James Shockley
If we look at a map of the United States, we see a major difference between the shapes of the eastern and the western states.
The states in the east are small with at least one irregular border while those in the west are large with mainly straight-line borders. Until recent times, borders were set according to important geological features, such as mountains and rivers. People tended to settle in regions that were easy to reach – mountains and rivers slowed the migrations so a settlement formed naturally within their boundaries.
The eastern states formed from the original colonies that had had most of their boundaries determined naturally. The western states had boundaries largely determined by government functionaries drawing lines on maps.
Blacksburg straddles one of those natural barriers: the Eastern Continental Divide. Waters on one side of the Divide ultimately flow to the Atlantic Ocean; waters on the other side to the Gulf of Mexico.
This is an interesting geographical fact but probably of little interest to most people. It turns out, however, that it had a major impact on the early settlement of Virginia.

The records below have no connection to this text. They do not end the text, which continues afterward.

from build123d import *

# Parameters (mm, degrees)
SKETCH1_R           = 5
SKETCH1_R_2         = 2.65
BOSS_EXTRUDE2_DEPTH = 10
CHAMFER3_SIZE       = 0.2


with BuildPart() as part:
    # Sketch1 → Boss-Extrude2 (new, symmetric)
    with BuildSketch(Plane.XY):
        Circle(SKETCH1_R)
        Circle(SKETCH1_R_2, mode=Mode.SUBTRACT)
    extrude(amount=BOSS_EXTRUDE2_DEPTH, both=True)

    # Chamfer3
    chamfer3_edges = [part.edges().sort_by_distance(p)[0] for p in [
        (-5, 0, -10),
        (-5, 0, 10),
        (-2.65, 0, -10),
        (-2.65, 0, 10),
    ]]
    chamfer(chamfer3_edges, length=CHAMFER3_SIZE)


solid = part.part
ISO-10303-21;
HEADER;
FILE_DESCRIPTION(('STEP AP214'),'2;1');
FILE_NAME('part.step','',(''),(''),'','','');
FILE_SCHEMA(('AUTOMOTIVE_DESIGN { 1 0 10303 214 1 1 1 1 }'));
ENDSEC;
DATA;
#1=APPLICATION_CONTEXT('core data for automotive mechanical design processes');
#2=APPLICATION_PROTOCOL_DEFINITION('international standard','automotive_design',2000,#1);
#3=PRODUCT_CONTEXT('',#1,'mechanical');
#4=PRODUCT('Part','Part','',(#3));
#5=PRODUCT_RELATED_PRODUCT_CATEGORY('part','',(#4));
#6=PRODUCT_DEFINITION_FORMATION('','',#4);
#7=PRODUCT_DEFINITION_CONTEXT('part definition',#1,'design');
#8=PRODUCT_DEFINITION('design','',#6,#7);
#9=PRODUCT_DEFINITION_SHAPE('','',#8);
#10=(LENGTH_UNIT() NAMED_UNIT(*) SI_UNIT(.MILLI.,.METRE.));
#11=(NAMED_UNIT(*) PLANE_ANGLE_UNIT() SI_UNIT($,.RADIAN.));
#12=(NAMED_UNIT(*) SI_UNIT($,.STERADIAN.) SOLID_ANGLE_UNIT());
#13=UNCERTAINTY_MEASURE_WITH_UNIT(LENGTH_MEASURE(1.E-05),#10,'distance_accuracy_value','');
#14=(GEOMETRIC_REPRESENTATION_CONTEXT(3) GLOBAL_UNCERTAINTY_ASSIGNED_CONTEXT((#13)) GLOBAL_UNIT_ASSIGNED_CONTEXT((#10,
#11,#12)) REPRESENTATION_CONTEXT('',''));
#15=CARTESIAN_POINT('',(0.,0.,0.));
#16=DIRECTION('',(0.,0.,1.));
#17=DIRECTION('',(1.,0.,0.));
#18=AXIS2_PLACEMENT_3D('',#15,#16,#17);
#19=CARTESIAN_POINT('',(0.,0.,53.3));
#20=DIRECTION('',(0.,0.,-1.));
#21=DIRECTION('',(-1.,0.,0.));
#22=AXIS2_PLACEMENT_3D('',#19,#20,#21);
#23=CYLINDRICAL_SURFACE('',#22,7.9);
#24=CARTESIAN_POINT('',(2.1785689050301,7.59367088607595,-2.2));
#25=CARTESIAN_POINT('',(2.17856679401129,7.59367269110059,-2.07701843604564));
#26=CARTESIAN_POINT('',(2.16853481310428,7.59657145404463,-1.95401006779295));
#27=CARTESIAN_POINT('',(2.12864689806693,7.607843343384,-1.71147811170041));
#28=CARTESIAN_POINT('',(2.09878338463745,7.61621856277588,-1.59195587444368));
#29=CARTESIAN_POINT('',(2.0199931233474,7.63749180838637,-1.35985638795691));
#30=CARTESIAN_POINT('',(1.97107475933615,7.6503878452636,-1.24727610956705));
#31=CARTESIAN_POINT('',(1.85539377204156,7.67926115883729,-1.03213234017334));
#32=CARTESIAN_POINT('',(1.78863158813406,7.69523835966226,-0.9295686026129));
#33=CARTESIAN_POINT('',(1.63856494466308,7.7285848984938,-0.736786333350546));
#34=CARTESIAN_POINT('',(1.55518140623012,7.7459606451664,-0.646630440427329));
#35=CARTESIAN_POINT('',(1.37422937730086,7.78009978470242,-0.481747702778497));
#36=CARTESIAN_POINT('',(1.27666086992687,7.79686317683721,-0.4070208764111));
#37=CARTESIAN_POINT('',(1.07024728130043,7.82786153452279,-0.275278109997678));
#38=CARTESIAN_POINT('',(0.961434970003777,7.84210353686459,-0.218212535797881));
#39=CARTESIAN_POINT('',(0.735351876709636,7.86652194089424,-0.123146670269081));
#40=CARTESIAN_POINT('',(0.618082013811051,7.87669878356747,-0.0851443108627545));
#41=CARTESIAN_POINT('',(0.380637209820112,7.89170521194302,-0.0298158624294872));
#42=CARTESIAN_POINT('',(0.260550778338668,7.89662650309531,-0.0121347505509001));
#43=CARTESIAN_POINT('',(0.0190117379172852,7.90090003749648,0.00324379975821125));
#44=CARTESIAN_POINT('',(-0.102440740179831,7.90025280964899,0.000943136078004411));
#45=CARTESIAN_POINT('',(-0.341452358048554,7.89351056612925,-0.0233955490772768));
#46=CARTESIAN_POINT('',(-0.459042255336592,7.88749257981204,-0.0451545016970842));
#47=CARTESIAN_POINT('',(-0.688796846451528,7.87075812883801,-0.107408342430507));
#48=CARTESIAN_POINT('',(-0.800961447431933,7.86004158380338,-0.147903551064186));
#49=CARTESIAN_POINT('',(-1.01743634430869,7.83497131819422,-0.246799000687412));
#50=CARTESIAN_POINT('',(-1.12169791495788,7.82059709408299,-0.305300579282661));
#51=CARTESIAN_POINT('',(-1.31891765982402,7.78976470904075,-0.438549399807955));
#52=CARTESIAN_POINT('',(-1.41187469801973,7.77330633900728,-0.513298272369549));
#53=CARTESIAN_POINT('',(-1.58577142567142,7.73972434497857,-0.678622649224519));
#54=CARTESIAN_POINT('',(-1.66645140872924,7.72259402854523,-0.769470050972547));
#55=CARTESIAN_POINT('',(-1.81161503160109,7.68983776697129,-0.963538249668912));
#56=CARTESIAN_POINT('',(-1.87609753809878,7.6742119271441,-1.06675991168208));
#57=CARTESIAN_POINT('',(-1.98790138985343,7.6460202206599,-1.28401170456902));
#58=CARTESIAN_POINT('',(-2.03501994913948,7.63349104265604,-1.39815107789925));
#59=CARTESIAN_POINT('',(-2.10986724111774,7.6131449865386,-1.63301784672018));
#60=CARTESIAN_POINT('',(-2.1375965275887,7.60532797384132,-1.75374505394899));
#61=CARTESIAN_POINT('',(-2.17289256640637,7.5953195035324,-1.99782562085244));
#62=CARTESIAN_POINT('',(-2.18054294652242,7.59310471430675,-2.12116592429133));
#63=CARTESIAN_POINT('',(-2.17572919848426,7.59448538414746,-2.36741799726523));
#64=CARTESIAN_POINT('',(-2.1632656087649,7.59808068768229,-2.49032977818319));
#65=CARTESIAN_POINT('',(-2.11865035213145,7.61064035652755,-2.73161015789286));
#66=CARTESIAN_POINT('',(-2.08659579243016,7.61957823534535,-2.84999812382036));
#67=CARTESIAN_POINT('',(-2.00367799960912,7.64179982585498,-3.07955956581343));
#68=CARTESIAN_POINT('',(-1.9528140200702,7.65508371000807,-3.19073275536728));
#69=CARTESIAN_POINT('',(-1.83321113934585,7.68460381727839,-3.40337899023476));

The area around present-day Blacksburg started to have settlements around 1750 in what was then Indian territory. The earliest English settlers were the Drapers of Draper’s Meadow; the earliest German settlers were the Prices who settled close to the Price’s Fork area.
The Germans seem to have been content with farming and quarrying, but English land agents, such as William Preston, made money by selling and developing more and more lands that were traditional Indian hunting grounds.
This came to a head in the Draper’s Meadow Massacre when the Shawnee Indians attacked the Draper’s Meadow settlement, killing several people and abducting several others (for more details, see the book Follow the River).
Some people consider the Draper’s Meadow Massacre to be one of the opening salvos in the French and Indian Wars. Actually those small wars were part of the Seven Years War in Europe with England on one side and France and Spain on the other. (Another part of that war involved Prussia against Austria, France, Russia and Sweden, with England supporting Prussia against France.)
A rearrangement of territories was made as part of the war’s settlement. In particular, France gave up claim to most of its land in America in favor of England. This left England with vast new American territories which it did not have the capability to govern.
The solution, which was part of the agreement between England and France, was the Royal Proclamation of 1763. It ended British settlement of America at the Eastern Continental Divide – right through the middle of modern-day Blacksburg.
Lands to the east of the Divide were designated for English settlers, lands to the west for Indians. This gave the British Crown the right to all future land uses in the newly declared Indian Territory, taking that right away from the Virginia colony.
This did not have much impact on the few settlers who lived here, but it had a great impact on those in Kentucky and Tennessee who now had no official legal status. In spite of this fact, the now illegal migration did not slow down.
New settlers ignored the Proclamation Line and kept pouring into Kentucky and Tennessee from Pennsylvania and New York along the Wilderness Trail through Blacksburg or Christiansburg. It is worth noting that land agent William Preston built his home Smithfield just west of the Divide.
The Proclamation had a great impact on the rich planters in the eastern part of Virginia who controlled the Colonial legislature. They had planned on making vast sums of money by deeding the lands on the western part of the Divide to themselves, and suddenly that chance was taken from them.
England was left impoverished by the war, so King George compounded his problems with the colonies by raising their taxes to help pay off the war debt.
A good argument can be made that the Proclamation of 1763 led Virginia to join the northern colonies to fight for independence from England.
The men in the House of Burgesses did not want to lose a major source of income and did not want to pay additional taxes to England without representation in the English government.
You can see where the Eastern Continental Divide crosses Main Street in Blacksburg at Sunset Boulevard. A blue line currently crosses the street at that point with Continental Divide signs at both ends of the line.
A more permanent marker is planned when Main Street is next resurfaced.
James Shockley writes a monthly history column. He lives in Blacksburg.